**SOURCE INFORMATION**.
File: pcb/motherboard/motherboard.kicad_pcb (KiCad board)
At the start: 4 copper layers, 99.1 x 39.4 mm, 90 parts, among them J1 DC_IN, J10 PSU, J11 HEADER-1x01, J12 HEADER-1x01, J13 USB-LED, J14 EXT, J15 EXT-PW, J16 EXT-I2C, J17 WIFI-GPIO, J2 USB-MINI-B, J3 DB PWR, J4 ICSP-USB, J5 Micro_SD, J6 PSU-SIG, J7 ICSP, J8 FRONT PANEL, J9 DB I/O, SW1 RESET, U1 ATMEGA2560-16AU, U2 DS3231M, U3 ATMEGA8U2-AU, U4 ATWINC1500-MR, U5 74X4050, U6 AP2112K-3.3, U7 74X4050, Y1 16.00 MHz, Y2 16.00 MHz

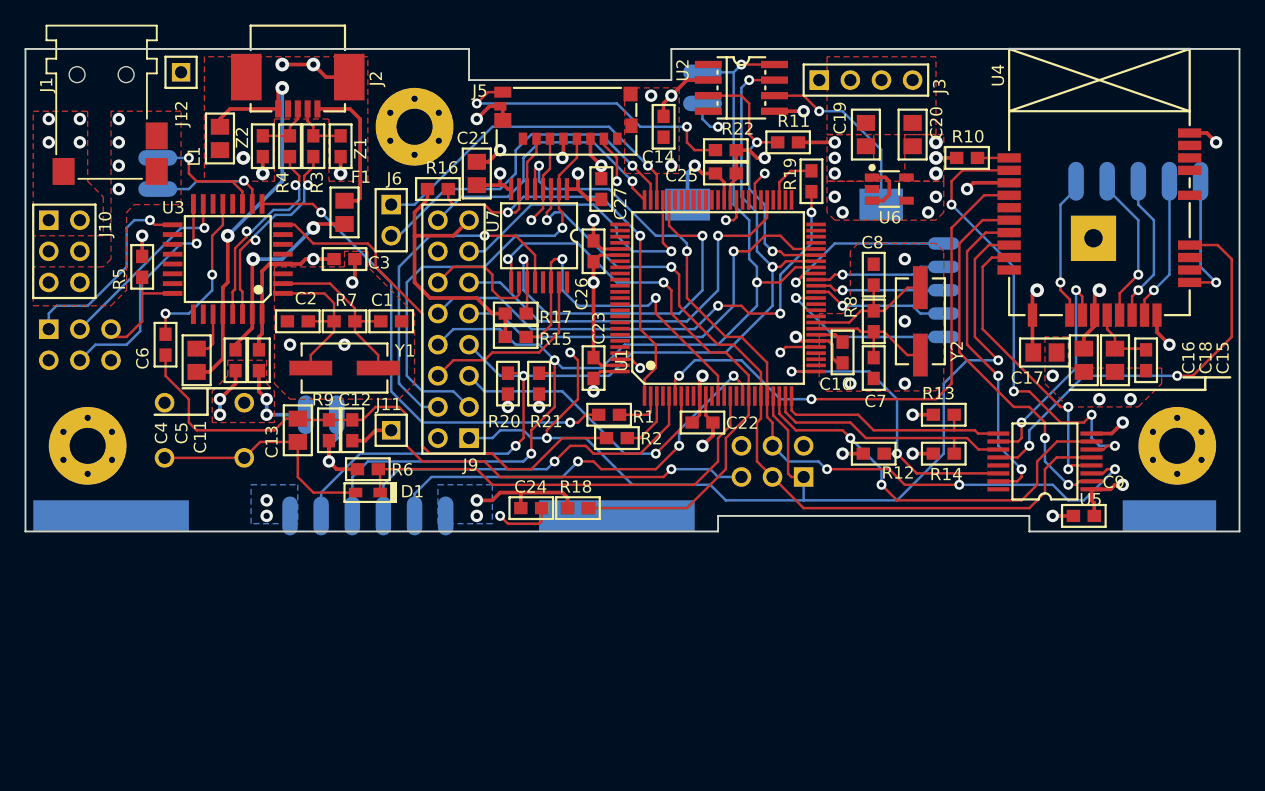
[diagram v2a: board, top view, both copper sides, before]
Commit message: Adjusted page size for motherboard schematic
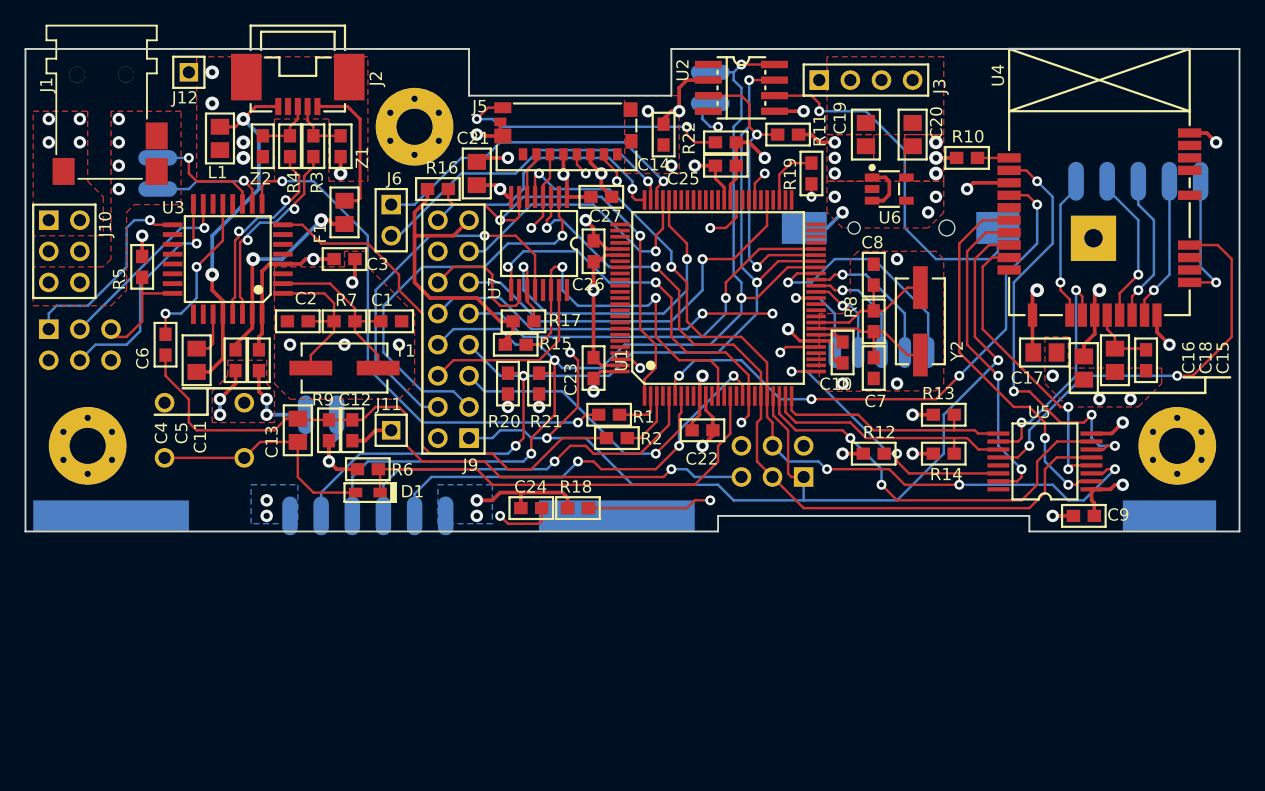
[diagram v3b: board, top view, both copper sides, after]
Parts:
- moved REF** 13.5 mm to (196.2, 108.6)
- moved B1 9.71 mm to (179.1, 99.1)
- moved J14 7.18 mm to (177.8, 109.2), turned to 180 degrees
- moved J5 1.27 mm to (152.4, 88.9)
- moved R17 0.90 mm to (148.6, 106.7)
- moved J16 0.64 mm to (163.8, 87.6)
- moved R11 0.64 mm to (170.2, 91.4)
- moved R19 0.64 mm to (172.1, 94.6)
- moved U7 0.64 mm to (149.9, 100.3)
- moved C14 0.63 mm to (160.0, 91.4)
- moved C16 0.63 mm to (194.3, 110.5)
- moved C22 0.63 mm to (163.2, 115.6)
- moved C25 0.63 mm to (165.1, 94.0)
- moved C27 0.63 mm to (154.9, 96.5), turned to 180 degrees
- moved J12 0.63 mm to (121.3, 86.4)
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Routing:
- net Net-(B1-PadP): track 15.0 -> 30.0 mm
- net /USB Serial/USHLD: track 8.64 -> 1.37 mm
- net /P46: track 14.4 -> 8.53 mm
- net /P42: track 15.3 -> 19.8 mm
- net /Peripherals/CSCK_3V3: track 36.3 -> 40.6 mm, vias 1 -> 2
- net /USB Serial/UGND: track 34.3 -> 30.0 mm
- net +5V: track 63.2 -> 67.4 mm
- net /XDCS: track 32.9 -> 28.9 mm
- net /P45: track 11.1 -> 7.34 mm
- net Net-(R1-Pad1): track 40.3 -> 43.8 mm
- net DVDD: track 49.5 -> 46.7 mm, vias 3 -> 2
- net /Peripherals/WWAKE_3V3: track 38.1 -> 35.4 mm
- net /WCS: track 26.0 -> 23.7 mm
- net /ON_BATT: track 28.7 -> 26.5 mm
- net /KCHG: track 35.6 -> 33.6 mm
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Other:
- outline, holes or cut-outs redrawn
- net class Power: trace_width 0.3048 -> 0.254
- rule trace_min: 0.2 -> 0.2032
- rule via_min_size: 0.4 -> 0.4064

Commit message: Cleanup
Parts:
- removed REF**: VAL**, symbols:SIGNATURE_SILK
- removed REF**: VAL**, symbols:LOGO-OSHW-250
- D1: value DIODE -> 1N4148
- J1: value DC_IN -> -
- J11, J12: value HEADER-1x01 -> PSU-GND
- U4: value ATWINC1500-MR -> ATWINC1500-MR210PB
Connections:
- net Net-(C6-Pad2) renamed /USB Serial/URESET
- net Net-(R1-Pad1) renamed /USB Serial/URXD
- net Net-(R2-Pad1) renamed /USB Serial/UTXD

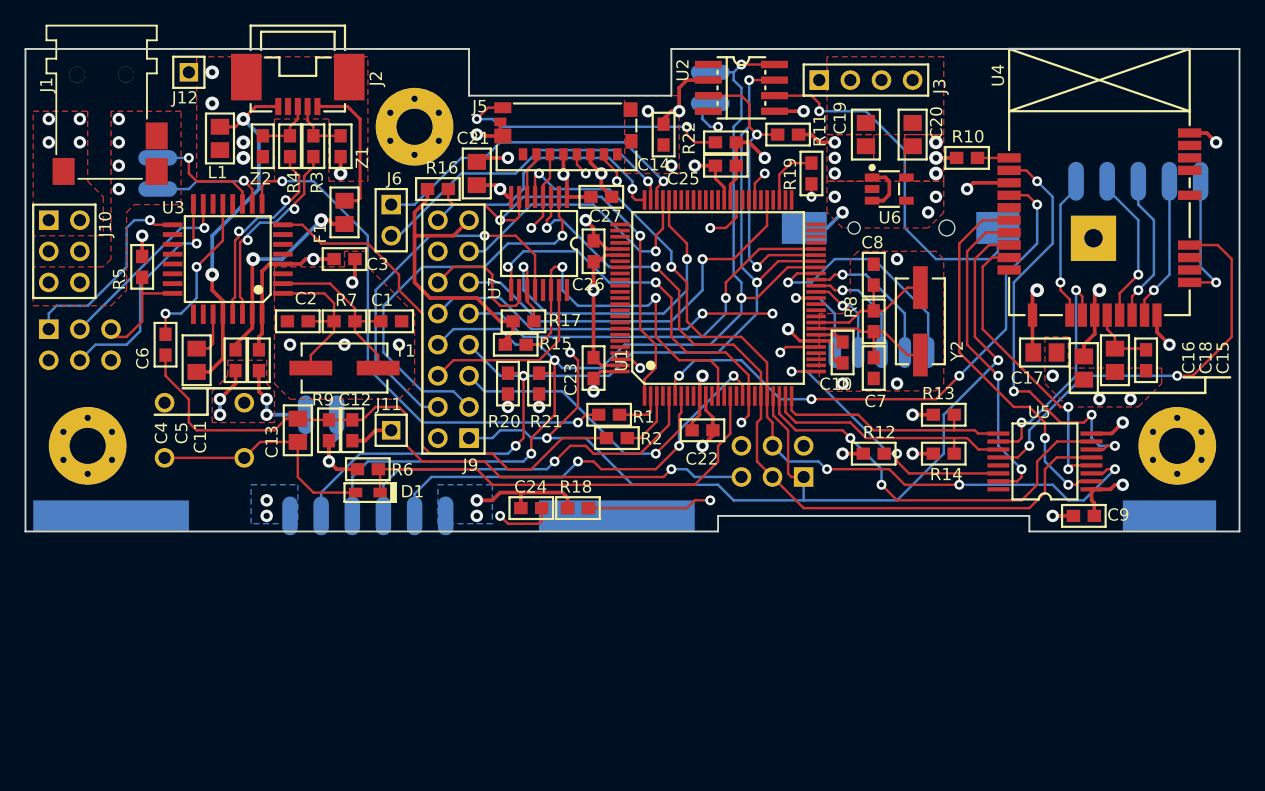
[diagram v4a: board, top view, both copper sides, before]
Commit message: Updated PCB design
+ Completed daughterboard PCB layout.
* Corrected soldermask clerance on front panel pcb.
- Removed input resistor on DIN for RGB lamp board.
* Modified PCB layout for PSU board.
* Updated gerber files.
* Updated schematics pdf, BOM.
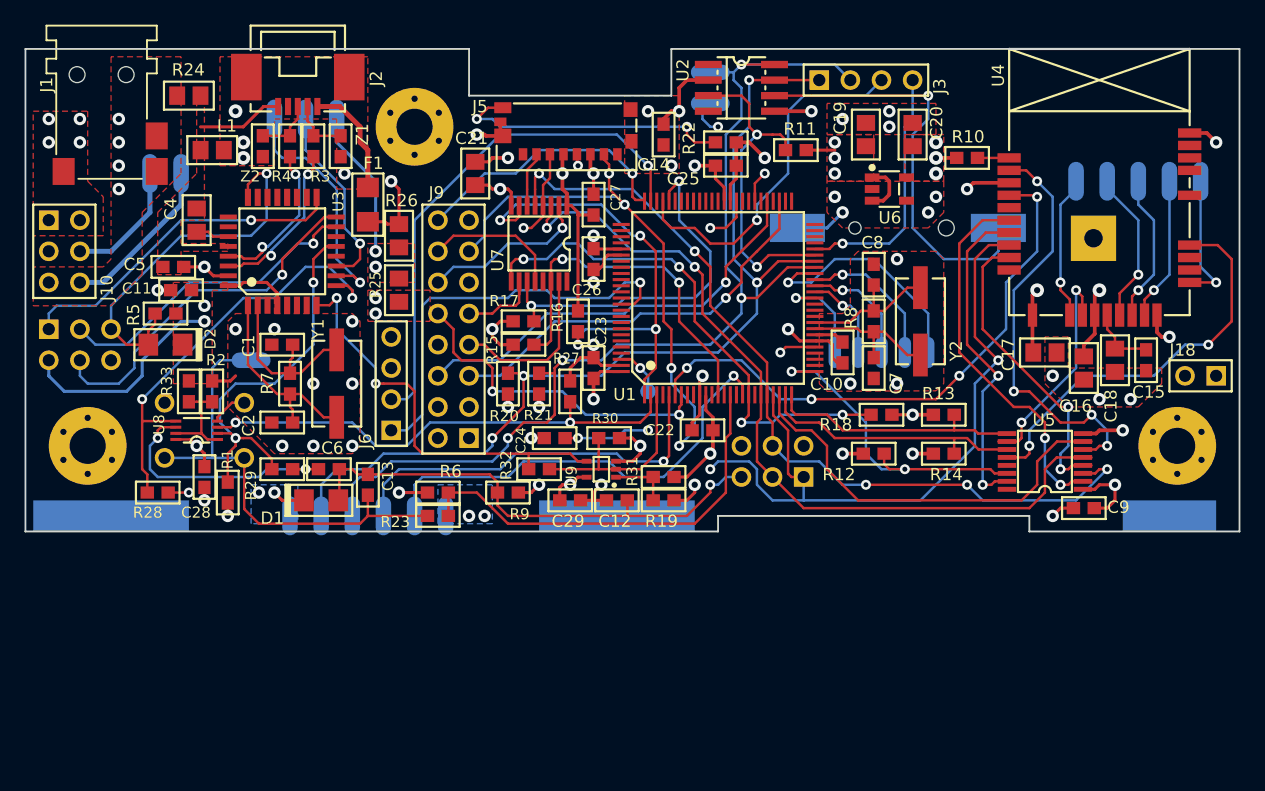
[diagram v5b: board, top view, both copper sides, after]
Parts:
- removed C3: 100nF, smt:C-0603
- removed J12: PSU-GND, conn-header:HDR-M-1x01
- added C28: 100nF, smt:C-0603, F.Cu at (122.6, 119.4)
- added C29: 100nF, smt:C-0603, F.Cu at (152.4, 121.3)
- added D2: CD1206-S01575, smt:D-1206, F.Cu at (119.4, 108.6)
- added J18: DB-C, conn-header:HDR-M-1x02, F.Cu at (203.8, 111.1)
- added R23: 1k, smt:R-0603, F.Cu at (141.6, 122.6)
- added R24: 0, smt:R-0805, F.Cu at (121.3, 88.3)
- added R25: N/A, smt:R-0805, F.Cu at (138.4, 104.1)
- added R26: 0, smt:R-0805, F.Cu at (138.4, 99.7)
- added R27: 10k, smt:R-0603, F.Cu at (152.4, 112.4)
- added R28: N/A, smt:R-0603, F.Cu at (118.7, 120.7)
- added R29: N/A, smt:R-0603, F.Cu at (128.9, 118.7)
- added R30: 10k, smt:R-0603, F.Cu at (155.6, 116.2)
- added R31: 100k, smt:R-0603, F.Cu at (160.0, 119.4)
- added R32: N/A, smt:R-0603, F.Cu at (149.9, 118.7)
- added R33: 1k, smt:R-0603, F.Cu at (121.3, 112.4)
- added TP1: AREF, conn-wire-pads:TEST-POINT-50, B.Cu at (158.8, 112.4)
- added U8: 74LVC2G126DC, smt-sop:VSSOP8, F.Cu at (121.9, 115.6)
- added U9: 74AHC1G126SE-7, smt-sot:SOT-353, F.Cu at (154.9, 118.7)
- B1: footprint conn-power:BC501SM -> conn-power:S8411-45R
- C13: value 1uF -> 100nF; footprint smt:C-0805 -> smt:C-0603
- D1: value 1N4148 -> CD1206-S01575; footprint smt:SOD-323 -> smt:D-1206
- F1: footprint smt:FER-0805 -> smt:FER-1206
- J11: value PSU-GND -> RESET-SW; footprint conn-header:HDR-M-1x01 -> conn-wire-pads:WP-50mil-1x01; moved to B.Cu
- J13: footprint conn-wire-pads:WP-50mil-1x02 -> conn-wire-pads:WP-50mil-1x03
- J3: value DB PWR -> DB-B
- J4: value ICSP-USB -> ICSP-0
- J6: footprint conn-header:HDR-M-1x02 -> conn-header:HDR-M-1x04
- J7: value ICSP -> ICSP-1
- J9: value DB I/O -> DB-A
- R1: value 1k -> 10k
- R19: value 300 -> 1k; footprint smt:C-0603 -> smt:R-0603
- R2: value 1k -> 100k
- U2: value DS3231M -> DS3231MZ
- U3: value ATMEGA8U2-AU -> ATMEGA16U2-AU
- U5, U7: value 74X4050 -> CD74HC4050PWR; footprint smt-sop:SSOP16 -> smt-sop:TSSOP16
- Y1, Y2: footprint crystals:HC49USX -> crystals:smt-CSM-3X-7x4mm
- Z1, Z2: value PGB1010603 -> CG0603MLC-05E
- moved R2 33.2 mm to (123.2, 112.4), turned to 270 degrees
- moved R1 31.8 mm to (124.5, 120.7), turned to 270 degrees
- moved R19 29.3 mm to (160.0, 121.3), turned to 0 degrees
- moved R18 25.9 mm to (177.8, 114.3), turned to 180 degrees
- moved J15 23.4 mm to (119.4, 94.6), turned to 0 degrees
- moved C12 22.3 mm to (156.2, 121.3), turned to 0 degrees
- moved C6 16.8 mm to (132.7, 118.7), turned to 180 degrees
- moved R16 15.7 mm to (153.0, 106.7), turned to 270 degrees
- moved R9 15.5 mm to (147.3, 120.7), turned to 0 degrees
- moved J6 13.3 mm to (137.8, 111.8), turned to 90 degrees
- moved J13 12.9 mm to (130.8, 90.2), turned to 180 degrees
- moved J11 12.8 mm to (126.4, 109.9), turned to 270 degrees
- moved C4 11.4 mm to (121.9, 98.4), turned to 270 degrees
- moved C5 9.16 mm to (120.0, 102.2), turned to 0 degrees
- moved C1 9.09 mm to (128.9, 108.6), turned to 180 degrees
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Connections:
- C11 pad 1: +5V -> UVCC
- C5 pad 1: GND -> /USB Serial/UGND
- C5 pad 2: /USB Serial/UVCC -> /USB Serial/UVCC_IN
- C6 pad 2: /USB Serial/URESET -> /USB Serial/RESET
- D1 pad A: Net-(C13-Pad1) -> /RESET
- D1 pad K: /CFG\~RST -> +5V
- F1 pad 1: /USB Serial/UVCC_IN -> Net-(F1-Pad1)
- F1 pad 2: /USB Serial/UVCC -> /USB Serial/UVCC_IN
- J11 pad 1: GND -> Net-(C13-Pad1)
- J13 pad 1: /USB Serial/LED_TX -> UVCC
- J13 pad 2: /USB Serial/LED_RX -> /USB Serial/LED_TX
- J2 pad 1: /USB Serial/UVCC_IN -> Net-(F1-Pad1)
- J3 pad 1: +5V -> /SDA
- J3 pad 2: +5V -> /SCL
- J3 pad 3: GND -> /A_SHDN
- J3 pad 4: GND -> /KCHG
- J4 pad 2: +5V -> UVCC
- J9 pad 1: /MISO -> +5V
- J9 pad 10: /PIX_CLK -> /DREQ
- J9 pad 11: /PIX_LAMP -> /Peripherals/CMOSI_3V3
- J9 pad 12: /Peripherals/CRST_3V3 -> /Peripherals/CSCK_3V3
- J9 pad 13: /A_SHDN -> /MISO
- J9 pad 14: /PIX_SHDN -> /Peripherals/XDCS_3V3
- J9 pad 2: /Peripherals/CMOSI_3V3 -> +5V
- J9 pad 3: /Peripherals/CSCK_3V3 -> GND
- J9 pad 4: /Peripherals/XDCS_3V3 -> GND
- J9 pad 5: /DREQ -> /PIX_CLK
- J9 pad 6: /Peripherals/CCS_3V3 -> /PIX_LAMP
- J9 pad 7: /SDA -> /Peripherals/CCS_3V3
- J9 pad 8: /SCL -> /PIX_SHDN
- J9 pad 9: /KCHG -> /Peripherals/CRST_3V3
- R1 pad 1: /USB Serial/URXD -> /USB Serial/RESET-M
- R1 pad 2: /RXD0 -> UVCC
- R19 pad 2: /PIX_CLK -> +5V
- R2 pad 1: /USB Serial/UTXD -> GND
- R2 pad 2: /TXD0 -> Net-(R2-Pad2)
- R5 pad 2: +5V -> UVCC
- U1 pad 2: /RXD0 -> /PE0
- U1 pad 3: /TXD0 -> /PE1
- U1 pad 53: Net-(R19-Pad1) -> /PIX_CLK
- U1 pad 73: /LOW_BATT -> Net-(U1-Pad73)
- U1 pad 89: Net-(U1-Pad89) -> /LOW_BATT
- U3 pad 13: /USB Serial/URESET -> /USB Serial/RESET-M
- U3 pad 31: /USB Serial/UVCC -> /USB Serial/UVCC_IN
- U3 pad 32: +5V -> UVCC
- U3 pad 4: +5V -> UVCC
- U3 pad 8: /USB Serial/UTXD -> /USB Serial/URXD
- U3 pad 9: /USB Serial/URXD -> /USB Serial/UTXD
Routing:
- net UVCC: track 0.00 -> 91.3 mm, vias 0 -> 6
- net /PE0: track 0.00 -> 51.9 mm, vias 0 -> 3
- net /USB Serial/RESET-M: track 0.00 -> 32.4 mm, vias 0 -> 2
- net /USB Serial/UGND: track 30.0 -> 7.03 mm, vias 2 -> 0
- net /USB Serial/RESET-USB: track 9.15 -> 31.2 mm, vias 0 -> 1
- net /USB Serial/RESET: track 0.00 -> 20.4 mm, vias 0 -> 2
- net /Peripherals/CSCK_3V3: track 40.6 -> 20.5 mm
- net /USB Serial/UVCC_IN: track 11.7 -> 31.1 mm, vias 0 -> 2
- net Net-(C13-Pad1): track 19.5 -> 38.8 mm
- net /Peripherals/XDCS_3V3: track 30.1 -> 11.3 mm, vias 1 -> 0
- net /USB Serial/UVCC: track 16.9 -> 0.00 mm, vias 2 -> 0
- net /PE1: track 0.00 -> 16.6 mm
- net /RESET: track 71.5 -> 55.6 mm
- net /ON_BATT: track 26.5 -> 42.1 mm
- net /Peripherals/CMOSI_3V3: track 28.4 -> 13.6 mm
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- added copper zone on F.Cu, net /USB Serial/UGND
- added copper zone on F.Cu, net UVCC
- added copper zone on Power, net UVCC
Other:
- rule pad_to_mask_clearance: 0.2 -> 0.1524
- rule via_min_drill: 0.3 -> 0.4064
- rule via_min_size: 0.4064 -> 0.6096
- board text added: "UVCC"
- board text removed: "www.bfrigon.com"

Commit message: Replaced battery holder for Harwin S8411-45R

**YOUR TASK**. The word to find is "wire". Copy every line of the records that holds it.

**EXERCISE RESPONSE**.
- added TP1: AREF, conn-wire-pads:TEST-POINT-50, B.Cu at (158.8, 112.4)
- J11: value PSU-GND -> RESET-SW; footprint conn-header:HDR-M-1x01 -> conn-wire-pads:WP-50mil-1x01; moved to B.Cu
- J13: footprint conn-wire-pads:WP-50mil-1x02 -> conn-wire-pads:WP-50mil-1x03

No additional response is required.